> **TASK GOAL**
Restate word for word the lines of the records below, starting at the line that contains "#134=CIRCLE('',#133,1.875);" and ending at the line that contains "#191=ORIENTED_EDGE('',*,*,#190,.T.);", with both of those lines included and nothing else.

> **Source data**
##############################

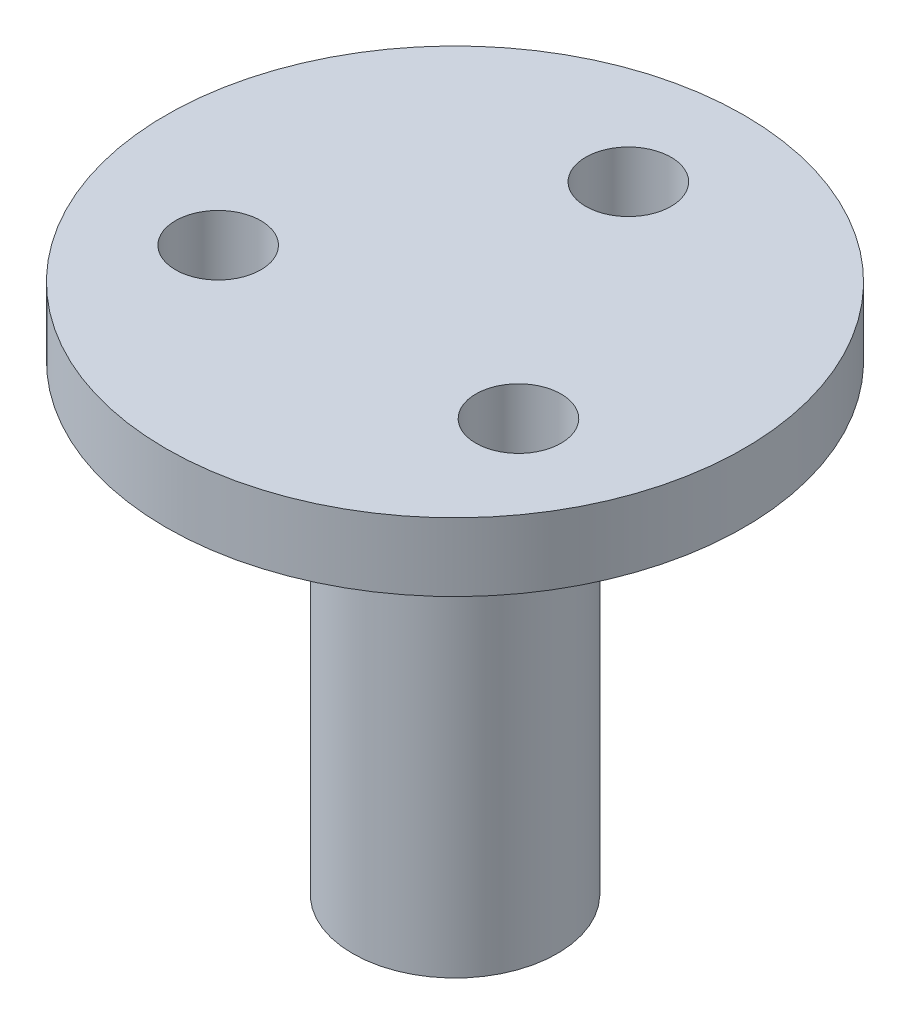
ISO-10303-21;
HEADER;
FILE_DESCRIPTION(('STEP AP214'),'2;1');
FILE_NAME('part.step','',(''),(''),'','','');
FILE_SCHEMA(('AUTOMOTIVE_DESIGN { 1 0 10303 214 1 1 1 1 }'));
ENDSEC;
DATA;
#1=APPLICATION_CONTEXT('core data for automotive mechanical design processes');
#2=APPLICATION_PROTOCOL_DEFINITION('international standard','automotive_design',2000,#1);
#3=PRODUCT_CONTEXT('',#1,'mechanical');
#4=PRODUCT('Part','Part','',(#3));
#5=PRODUCT_RELATED_PRODUCT_CATEGORY('part','',(#4));
#6=PRODUCT_DEFINITION_FORMATION('','',#4);
#7=PRODUCT_DEFINITION_CONTEXT('part definition',#1,'design');
#8=PRODUCT_DEFINITION('design','',#6,#7);
#9=PRODUCT_DEFINITION_SHAPE('','',#8);
#10=(LENGTH_UNIT() NAMED_UNIT(*) SI_UNIT(.MILLI.,.METRE.));
#11=(NAMED_UNIT(*) PLANE_ANGLE_UNIT() SI_UNIT($,.RADIAN.));
#12=(NAMED_UNIT(*) SI_UNIT($,.STERADIAN.) SOLID_ANGLE_UNIT());
#13=UNCERTAINTY_MEASURE_WITH_UNIT(LENGTH_MEASURE(1.E-05),#10,'distance_accuracy_value','');
#14=(GEOMETRIC_REPRESENTATION_CONTEXT(3) GLOBAL_UNCERTAINTY_ASSIGNED_CONTEXT((#13)) GLOBAL_UNIT_ASSIGNED_CONTEXT((#10,
#11,#12)) REPRESENTATION_CONTEXT('',''));
#15=CARTESIAN_POINT('',(0.,0.,0.));
#16=DIRECTION('',(0.,0.,1.));
#17=DIRECTION('',(1.,0.,0.));
#18=AXIS2_PLACEMENT_3D('',#15,#16,#17);
#19=CARTESIAN_POINT('',(0.,20.32,0.));
#20=DIRECTION('',(0.,-1.,0.));
#21=DIRECTION('',(0.,0.,-1.));
#22=AXIS2_PLACEMENT_3D('',#19,#20,#21);
#23=CYLINDRICAL_SURFACE('',#22,4.5);
#24=CARTESIAN_POINT('',(0.,20.32,0.));
#25=DIRECTION('',(0.,1.,0.));
#26=DIRECTION('',(0.,0.,1.));
#27=AXIS2_PLACEMENT_3D('',#24,#25,#26);
#28=CIRCLE('',#27,4.5);
#29=CARTESIAN_POINT('',(0.,20.32,4.5));
#30=VERTEX_POINT('',#29);
#31=EDGE_CURVE('E11',#30,#30,#28,.T.);
#32=ORIENTED_EDGE('',*,*,#31,.F.);
#33=EDGE_LOOP('',(#32));
#34=FACE_BOUND('',#33,.T.);
#35=CARTESIAN_POINT('',(0.,0.,0.));
#36=DIRECTION('',(0.,1.,0.));
#37=DIRECTION('',(0.,0.,1.));
#38=AXIS2_PLACEMENT_3D('',#35,#36,#37);
#39=CIRCLE('',#38,4.5);
#40=CARTESIAN_POINT('',(0.,0.,4.5));
#41=VERTEX_POINT('',#40);
#42=EDGE_CURVE('E44',#41,#41,#39,.T.);
#43=ORIENTED_EDGE('',*,*,#42,.T.);
#44=EDGE_LOOP('',(#43));
#45=FACE_BOUND('',#44,.T.);
#46=ADVANCED_FACE('F41',(#34,#45),#23,.T.);
#47=CARTESIAN_POINT('',(0.,0.,0.));
#48=DIRECTION('',(0.,1.,0.));
#49=DIRECTION('',(0.,0.,1.));
#50=AXIS2_PLACEMENT_3D('',#47,#48,#49);
#51=PLANE('',#50);
#52=DIRECTION('',(0.,0.,-1.));
#53=VECTOR('',#52,1.);
#54=CARTESIAN_POINT('',(-1.4605,0.,2.0781096578381));
#55=LINE('',#54,#53);
#56=CARTESIAN_POINT('',(-1.4605,0.,2.0781096578381));
#57=VERTEX_POINT('',#56);
#58=CARTESIAN_POINT('',(-1.4605,0.,-2.0781096578381));
#59=VERTEX_POINT('',#58);
#60=EDGE_CURVE('E91',#57,#59,#55,.T.);
#61=ORIENTED_EDGE('',*,*,#60,.F.);
#62=CARTESIAN_POINT('',(0.,0.,0.));
#63=DIRECTION('',(0.,-1.,0.));
#64=DIRECTION('',(0.,0.,-1.));
#65=AXIS2_PLACEMENT_3D('',#62,#63,#64);
#66=CIRCLE('',#65,2.54);
#67=CARTESIAN_POINT('',(1.4605,0.,2.0781096578381));
#68=VERTEX_POINT('',#67);
#69=EDGE_CURVE('E56',#68,#57,#66,.T.);
#70=ORIENTED_EDGE('',*,*,#69,.F.);
#71=DIRECTION('',(0.,0.,1.));
#72=VECTOR('',#71,1.);
#73=CARTESIAN_POINT('',(1.4605,0.,2.0781096578381));
#74=LINE('',#73,#72);
#75=CARTESIAN_POINT('',(1.4605,0.,-2.0781096578381));
#76=VERTEX_POINT('',#75);
#77=EDGE_CURVE('E111',#76,#68,#74,.T.);
#78=ORIENTED_EDGE('',*,*,#77,.F.);
#79=CARTESIAN_POINT('',(0.,0.,0.));
#80=DIRECTION('',(0.,-1.,0.));
#81=DIRECTION('',(0.,0.,-1.));
#82=AXIS2_PLACEMENT_3D('',#79,#80,#81);
#83=CIRCLE('',#82,2.54);
#84=EDGE_CURVE('E120',#59,#76,#83,.T.);
#85=ORIENTED_EDGE('',*,*,#84,.F.);
#86=EDGE_LOOP('',(#61,#70,#78,#85));
#87=FACE_BOUND('',#86,.T.);
#88=ORIENTED_EDGE('',*,*,#42,.F.);
#89=EDGE_LOOP('',(#88));
#90=FACE_BOUND('',#89,.T.);
#91=ADVANCED_FACE('F194',(#87,#90),#51,.F.);
#92=CARTESIAN_POINT('',(0.,23.32,0.));
#93=DIRECTION('',(0.,1.,0.));
#94=DIRECTION('',(0.,0.,1.));
#95=AXIS2_PLACEMENT_3D('',#92,#93,#94);
#96=PLANE('',#95);
#97=CARTESIAN_POINT('',(6.59911357683774,23.32,3.80999999999981));
#98=DIRECTION('',(0.,1.,0.));
#99=DIRECTION('',(0.,0.,1.));
#100=AXIS2_PLACEMENT_3D('',#97,#98,#99);
#101=CIRCLE('',#100,1.875);
#102=CARTESIAN_POINT('',(6.59911357683774,23.32,5.68499999999981));
#103=VERTEX_POINT('',#102);
#104=EDGE_CURVE('E140',#103,#103,#101,.T.);
#105=ORIENTED_EDGE('',*,*,#104,.F.);
#106=EDGE_LOOP('',(#105));
#107=FACE_BOUND('',#106,.T.);
#108=CARTESIAN_POINT('',(0.,23.32,0.));
#109=DIRECTION('',(0.,1.,0.));
#110=DIRECTION('',(0.,0.,1.));
#111=AXIS2_PLACEMENT_3D('',#108,#109,#110);
#112=CIRCLE('',#111,12.7);
#113=CARTESIAN_POINT('',(0.,23.32,12.7));
#114=VERTEX_POINT('',#113);
#115=EDGE_CURVE('E156',#114,#114,#112,.T.);
#116=ORIENTED_EDGE('',*,*,#115,.T.);
#117=EDGE_LOOP('',(#116));
#118=FACE_BOUND('',#117,.T.);
#119=CARTESIAN_POINT('',(0.,23.32,-7.62));
#120=DIRECTION('',(0.,1.,0.));
#121=DIRECTION('',(0.,0.,1.));
#122=AXIS2_PLACEMENT_3D('',#119,#120,#121);
#123=CIRCLE('',#122,1.875);
#124=CARTESIAN_POINT('',(0.,23.32,-5.745));
#125=VERTEX_POINT('',#124);
#126=EDGE_CURVE('E148',#125,#125,#123,.T.);
#127=ORIENTED_EDGE('',*,*,#126,.F.);
#128=EDGE_LOOP('',(#127));
#129=FACE_BOUND('',#128,.T.);
#130=CARTESIAN_POINT('',(-6.5991135768371,23.32,3.81000000000019));
#131=DIRECTION('',(0.,1.,0.));
#132=DIRECTION('',(0.,0.,1.));
#133=AXIS2_PLACEMENT_3D('',#130,#131,#132);
#134=CIRCLE('',#133,1.875);
#135=CARTESIAN_POINT('',(-6.5991135768371,23.32,5.68500000000019));
#136=VERTEX_POINT('',#135);
#137=EDGE_CURVE('E132',#136,#136,#134,.T.);
#138=ORIENTED_EDGE('',*,*,#137,.F.);
#139=EDGE_LOOP('',(#138));
#140=FACE_BOUND('',#139,.T.);
#141=ADVANCED_FACE('F169',(#107,#118,#129,#140),#96,.T.);
#142=CARTESIAN_POINT('',(0.,20.32,0.));
#143=DIRECTION('',(0.,1.,0.));
#144=DIRECTION('',(0.,0.,1.));
#145=AXIS2_PLACEMENT_3D('',#142,#143,#144);
#146=PLANE('',#145);
#147=ORIENTED_EDGE('',*,*,#31,.T.);
#148=EDGE_LOOP('',(#147));
#149=FACE_BOUND('',#148,.T.);
#150=CARTESIAN_POINT('',(0.,20.32,0.));
#151=DIRECTION('',(0.,1.,0.));
#152=DIRECTION('',(0.,0.,1.));
#153=AXIS2_PLACEMENT_3D('',#150,#151,#152);
#154=CIRCLE('',#153,12.7);
#155=CARTESIAN_POINT('',(0.,20.32,12.7));
#156=VERTEX_POINT('',#155);
#157=EDGE_CURVE('E152',#156,#156,#154,.T.);
#158=ORIENTED_EDGE('',*,*,#157,.F.);
#159=EDGE_LOOP('',(#158));
#160=FACE_BOUND('',#159,.T.);
#161=CARTESIAN_POINT('',(0.,20.32,-7.62));
#162=DIRECTION('',(0.,1.,0.));
#163=DIRECTION('',(0.,0.,1.));
#164=AXIS2_PLACEMENT_3D('',#161,#162,#163);
#165=CIRCLE('',#164,1.875);
#166=CARTESIAN_POINT('',(0.,20.32,-5.745));
#167=VERTEX_POINT('',#166);
#168=EDGE_CURVE('E144',#167,#167,#165,.T.);
#169=ORIENTED_EDGE('',*,*,#168,.T.);
#170=EDGE_LOOP('',(#169));
#171=FACE_BOUND('',#170,.T.);
#172=CARTESIAN_POINT('',(6.59911357683774,20.32,3.80999999999981));
#173=DIRECTION('',(0.,1.,0.));
#174=DIRECTION('',(0.,0.,1.));
#175=AXIS2_PLACEMENT_3D('',#172,#173,#174);
#176=CIRCLE('',#175,1.875);
#177=CARTESIAN_POINT('',(6.59911357683774,20.32,5.68499999999981));
#178=VERTEX_POINT('',#177);
#179=EDGE_CURVE('E136',#178,#178,#176,.T.);
#180=ORIENTED_EDGE('',*,*,#179,.T.);
#181=EDGE_LOOP('',(#180));
#182=FACE_BOUND('',#181,.T.);
#183=CARTESIAN_POINT('',(-6.5991135768371,20.32,3.81000000000019));
#184=DIRECTION('',(0.,1.,0.));
#185=DIRECTION('',(0.,0.,1.));
#186=AXIS2_PLACEMENT_3D('',#183,#184,#185);
#187=CIRCLE('',#186,1.875);
#188=CARTESIAN_POINT('',(-6.5991135768371,20.32,5.68500000000019));
#189=VERTEX_POINT('',#188);
#190=EDGE_CURVE('E127',#189,#189,#187,.T.);
#191=ORIENTED_EDGE('',*,*,#190,.T.);
#192=EDGE_LOOP('',(#191));
#193=FACE_BOUND('',#192,.T.);
#194=ADVANCED_FACE('F166',(#149,#160,#171,#182,#193),#146,.F.);
#195=CARTESIAN_POINT('',(0.,23.32,0.));
#196=DIRECTION('',(0.,-1.,0.));
#197=DIRECTION('',(0.,0.,-1.));
#198=AXIS2_PLACEMENT_3D('',#195,#196,#197);
#199=CYLINDRICAL_SURFACE('',#198,12.7);
#200=ORIENTED_EDGE('',*,*,#115,.F.);
#201=EDGE_LOOP('',(#200));
#202=FACE_BOUND('',#201,.T.);
#203=ORIENTED_EDGE('',*,*,#157,.T.);
#204=EDGE_LOOP('',(#203));
#205=FACE_BOUND('',#204,.T.);
#206=ADVANCED_FACE('F164',(#202,#205),#199,.T.);
#207=CARTESIAN_POINT('',(0.,23.32,-7.62));
#208=DIRECTION('',(0.,-1.,0.));
#209=DIRECTION('',(0.,0.,-1.));
#210=AXIS2_PLACEMENT_3D('',#207,#208,#209);
#211=CYLINDRICAL_SURFACE('',#210,1.875);
#212=ORIENTED_EDGE('',*,*,#126,.T.);
#213=EDGE_LOOP('',(#212));
#214=FACE_BOUND('',#213,.T.);
#215=ORIENTED_EDGE('',*,*,#168,.F.);
#216=EDGE_LOOP('',(#215));
#217=FACE_BOUND('',#216,.T.);
#218=ADVANCED_FACE('F190',(#214,#217),#211,.F.);
#219=CARTESIAN_POINT('',(6.59911357683774,23.32,3.80999999999981));
#220=DIRECTION('',(0.,-1.,0.));
#221=DIRECTION('',(0.,0.,-1.));
#222=AXIS2_PLACEMENT_3D('',#219,#220,#221);
#223=CYLINDRICAL_SURFACE('',#222,1.875);
#224=ORIENTED_EDGE('',*,*,#104,.T.);
#225=EDGE_LOOP('',(#224));
#226=FACE_BOUND('',#225,.T.);
#227=ORIENTED_EDGE('',*,*,#179,.F.);
#228=EDGE_LOOP('',(#227));
#229=FACE_BOUND('',#228,.T.);
#230=ADVANCED_FACE('F181',(#226,#229),#223,.F.);
#231=CARTESIAN_POINT('',(-6.5991135768371,23.32,3.81000000000019));
#232=DIRECTION('',(0.,-1.,0.));
#233=DIRECTION('',(0.,0.,-1.));
#234=AXIS2_PLACEMENT_3D('',#231,#232,#233);
#235=CYLINDRICAL_SURFACE('',#234,1.875);
#236=ORIENTED_EDGE('',*,*,#137,.T.);
#237=EDGE_LOOP('',(#236));
#238=FACE_BOUND('',#237,.T.);
#239=ORIENTED_EDGE('',*,*,#190,.F.);
#240=EDGE_LOOP('',(#239));
#241=FACE_BOUND('',#240,.T.);
#242=ADVANCED_FACE('F178',(#238,#241),#235,.F.);
#243=CARTESIAN_POINT('',(0.,5.842,0.));
#244=DIRECTION('',(0.,-1.,0.));
#245=DIRECTION('',(0.,0.,-1.));
#246=AXIS2_PLACEMENT_3D('',#243,#244,#245);
#247=CYLINDRICAL_SURFACE('',#246,2.54);
#248=ORIENTED_EDGE('',*,*,#69,.T.);
#249=DIRECTION('',(0.,-1.,0.));
#250=VECTOR('',#249,1.);
#251=CARTESIAN_POINT('',(-1.4605,5.842,2.0781096578381));
#252=LINE('',#251,#250);
#253=CARTESIAN_POINT('',(-1.4605,5.842,2.0781096578381));
#254=VERTEX_POINT('',#253);
#255=EDGE_CURVE('E79',#254,#57,#252,.T.);
#256=ORIENTED_EDGE('',*,*,#255,.F.);
#257=CARTESIAN_POINT('',(0.,5.842,0.));
#258=DIRECTION('',(0.,-1.,0.));
#259=DIRECTION('',(0.,0.,-1.));
#260=AXIS2_PLACEMENT_3D('',#257,#258,#259);
#261=CIRCLE('',#260,2.54);
#262=CARTESIAN_POINT('',(1.4605,5.842,2.0781096578381));
#263=VERTEX_POINT('',#262);
#264=EDGE_CURVE('E107',#263,#254,#261,.T.);
#265=ORIENTED_EDGE('',*,*,#264,.F.);
#266=DIRECTION('',(0.,-1.,0.));
#267=VECTOR('',#266,1.);
#268=CARTESIAN_POINT('',(1.4605,5.842,2.0781096578381));
#269=LINE('',#268,#267);
#270=EDGE_CURVE('E64',#263,#68,#269,.T.);
#271=ORIENTED_EDGE('',*,*,#270,.T.);
#272=EDGE_LOOP('',(#248,#256,#265,#271));
#273=FACE_BOUND('',#272,.T.);
#274=ADVANCED_FACE('F180',(#273),#247,.F.);
#275=CARTESIAN_POINT('',(1.4605,5.842,2.0781096578381));
#276=DIRECTION('',(1.,0.,0.));
#277=DIRECTION('',(0.,0.,-1.));
#278=AXIS2_PLACEMENT_3D('',#275,#276,#277);
#279=PLANE('',#278);
#280=ORIENTED_EDGE('',*,*,#77,.T.);
#281=ORIENTED_EDGE('',*,*,#270,.F.);
#282=DIRECTION('',(0.,0.,1.));
#283=VECTOR('',#282,1.);
#284=CARTESIAN_POINT('',(1.4605,5.842,2.0781096578381));
#285=LINE('',#284,#283);
#286=CARTESIAN_POINT('',(1.4605,5.842,-2.0781096578381));
#287=VERTEX_POINT('',#286);
#288=EDGE_CURVE('E104',#287,#263,#285,.T.);
#289=ORIENTED_EDGE('',*,*,#288,.F.);
#290=DIRECTION('',(0.,-1.,0.));
#291=VECTOR('',#290,1.);
#292=CARTESIAN_POINT('',(1.4605,5.842,-2.0781096578381));
#293=LINE('',#292,#291);
#294=EDGE_CURVE('E96',#287,#76,#293,.T.);
#295=ORIENTED_EDGE('',*,*,#294,.T.);
#296=EDGE_LOOP('',(#280,#281,#289,#295));
#297=FACE_BOUND('',#296,.T.);
#298=ADVANCED_FACE('F188',(#297),#279,.F.);
#299=CARTESIAN_POINT('',(0.,5.842,0.));
#300=DIRECTION('',(0.,-1.,0.));
#301=DIRECTION('',(0.,0.,-1.));
#302=AXIS2_PLACEMENT_3D('',#299,#300,#301);
#303=CYLINDRICAL_SURFACE('',#302,2.54);
#304=ORIENTED_EDGE('',*,*,#84,.T.);
#305=ORIENTED_EDGE('',*,*,#294,.F.);
#306=CARTESIAN_POINT('',(0.,5.842,0.));
#307=DIRECTION('',(0.,-1.,0.));
#308=DIRECTION('',(0.,0.,-1.));
#309=AXIS2_PLACEMENT_3D('',#306,#307,#308);
#310=CIRCLE('',#309,2.54);
#311=CARTESIAN_POINT('',(-1.4605,5.842,-2.0781096578381));
#312=VERTEX_POINT('',#311);
#313=EDGE_CURVE('E99',#312,#287,#310,.T.);
#314=ORIENTED_EDGE('',*,*,#313,.F.);
#315=DIRECTION('',(0.,-1.,0.));
#316=VECTOR('',#315,1.);
#317=CARTESIAN_POINT('',(-1.4605,5.842,-2.0781096578381));
#318=LINE('',#317,#316);
#319=EDGE_CURVE('E84',#312,#59,#318,.T.);
#320=ORIENTED_EDGE('',*,*,#319,.T.);
#321=EDGE_LOOP('',(#304,#305,#314,#320));
#322=FACE_BOUND('',#321,.T.);
#323=ADVANCED_FACE('F100',(#322),#303,.F.);
#324=CARTESIAN_POINT('',(-1.4605,5.842,2.0781096578381));
#325=DIRECTION('',(-1.,0.,0.));
#326=DIRECTION('',(0.,0.,1.));
#327=AXIS2_PLACEMENT_3D('',#324,#325,#326);
#328=PLANE('',#327);
#329=ORIENTED_EDGE('',*,*,#60,.T.);
#330=ORIENTED_EDGE('',*,*,#319,.F.);
#331=DIRECTION('',(0.,0.,-1.));
#332=VECTOR('',#331,1.);
#333=CARTESIAN_POINT('',(-1.4605,5.842,2.0781096578381));
#334=LINE('',#333,#332);
#335=EDGE_CURVE('E88',#254,#312,#334,.T.);
#336=ORIENTED_EDGE('',*,*,#335,.F.);
#337=ORIENTED_EDGE('',*,*,#255,.T.);
#338=EDGE_LOOP('',(#329,#330,#336,#337));
#339=FACE_BOUND('',#338,.T.);
#340=ADVANCED_FACE('F86',(#339),#328,.F.);
#341=CARTESIAN_POINT('',(0.,5.842,0.));
#342=DIRECTION('',(0.,-1.,0.));
#343=DIRECTION('',(0.,0.,-1.));
#344=AXIS2_PLACEMENT_3D('',#341,#342,#343);
#345=PLANE('',#344);
#346=ORIENTED_EDGE('',*,*,#264,.T.);
#347=ORIENTED_EDGE('',*,*,#335,.T.);
#348=ORIENTED_EDGE('',*,*,#313,.T.);
#349=ORIENTED_EDGE('',*,*,#288,.T.);
#350=EDGE_LOOP('',(#346,#347,#348,#349));
#351=FACE_BOUND('',#350,.T.);
#352=ADVANCED_FACE('F106',(#351),#345,.T.);
#353=CLOSED_SHELL('',(#46,#91,#141,#194,#206,#218,#230,#242,#274,#298,#323,#340,#352));
#354=MANIFOLD_SOLID_BREP('B2',#353);
#355=ADVANCED_BREP_SHAPE_REPRESENTATION('',(#18,#354),#14);
#356=SHAPE_DEFINITION_REPRESENTATION(#9,#355);
ENDSEC;
END-ISO-10303-21;

##############################

> **SOLUTION TO THIS TASK**
#134=CIRCLE('',#133,1.875);
#135=CARTESIAN_POINT('',(-6.5991135768371,23.32,5.68500000000019));
#136=VERTEX_POINT('',#135);
#137=EDGE_CURVE('E132',#136,#136,#134,.T.);
#138=ORIENTED_EDGE('',*,*,#137,.F.);
#139=EDGE_LOOP('',(#138));
#140=FACE_BOUND('',#139,.T.);
#141=ADVANCED_FACE('F169',(#107,#118,#129,#140),#96,.T.);
#142=CARTESIAN_POINT('',(0.,20.32,0.));
#143=DIRECTION('',(0.,1.,0.));
#144=DIRECTION('',(0.,0.,1.));
#145=AXIS2_PLACEMENT_3D('',#142,#143,#144);
#146=PLANE('',#145);
#147=ORIENTED_EDGE('',*,*,#31,.T.);
#148=EDGE_LOOP('',(#147));
#149=FACE_BOUND('',#148,.T.);
#150=CARTESIAN_POINT('',(0.,20.32,0.));
#151=DIRECTION('',(0.,1.,0.));
#152=DIRECTION('',(0.,0.,1.));
#153=AXIS2_PLACEMENT_3D('',#150,#151,#152);
#154=CIRCLE('',#153,12.7);
#155=CARTESIAN_POINT('',(0.,20.32,12.7));
#156=VERTEX_POINT('',#155);
#157=EDGE_CURVE('E152',#156,#156,#154,.T.);
#158=ORIENTED_EDGE('',*,*,#157,.F.);
#159=EDGE_LOOP('',(#158));
#160=FACE_BOUND('',#159,.T.);
#161=CARTESIAN_POINT('',(0.,20.32,-7.62));
#162=DIRECTION('',(0.,1.,0.));
#163=DIRECTION('',(0.,0.,1.));
#164=AXIS2_PLACEMENT_3D('',#161,#162,#163);
#165=CIRCLE('',#164,1.875);
#166=CARTESIAN_POINT('',(0.,20.32,-5.745));
#167=VERTEX_POINT('',#166);
#168=EDGE_CURVE('E144',#167,#167,#165,.T.);
#169=ORIENTED_EDGE('',*,*,#168,.T.);
#170=EDGE_LOOP('',(#169));
#171=FACE_BOUND('',#170,.T.);
#172=CARTESIAN_POINT('',(6.59911357683774,20.32,3.80999999999981));
#173=DIRECTION('',(0.,1.,0.));
#174=DIRECTION('',(0.,0.,1.));
#175=AXIS2_PLACEMENT_3D('',#172,#173,#174);
#176=CIRCLE('',#175,1.875);
#177=CARTESIAN_POINT('',(6.59911357683774,20.32,5.68499999999981));
#178=VERTEX_POINT('',#177);
#179=EDGE_CURVE('E136',#178,#178,#176,.T.);
#180=ORIENTED_EDGE('',*,*,#179,.T.);
#181=EDGE_LOOP('',(#180));
#182=FACE_BOUND('',#181,.T.);
#183=CARTESIAN_POINT('',(-6.5991135768371,20.32,3.81000000000019));
#184=DIRECTION('',(0.,1.,0.));
#185=DIRECTION('',(0.,0.,1.));
#186=AXIS2_PLACEMENT_3D('',#183,#184,#185);
#187=CIRCLE('',#186,1.875);
#188=CARTESIAN_POINT('',(-6.5991135768371,20.32,5.68500000000019));
#189=VERTEX_POINT('',#188);
#190=EDGE_CURVE('E127',#189,#189,#187,.T.);
#191=ORIENTED_EDGE('',*,*,#190,.T.);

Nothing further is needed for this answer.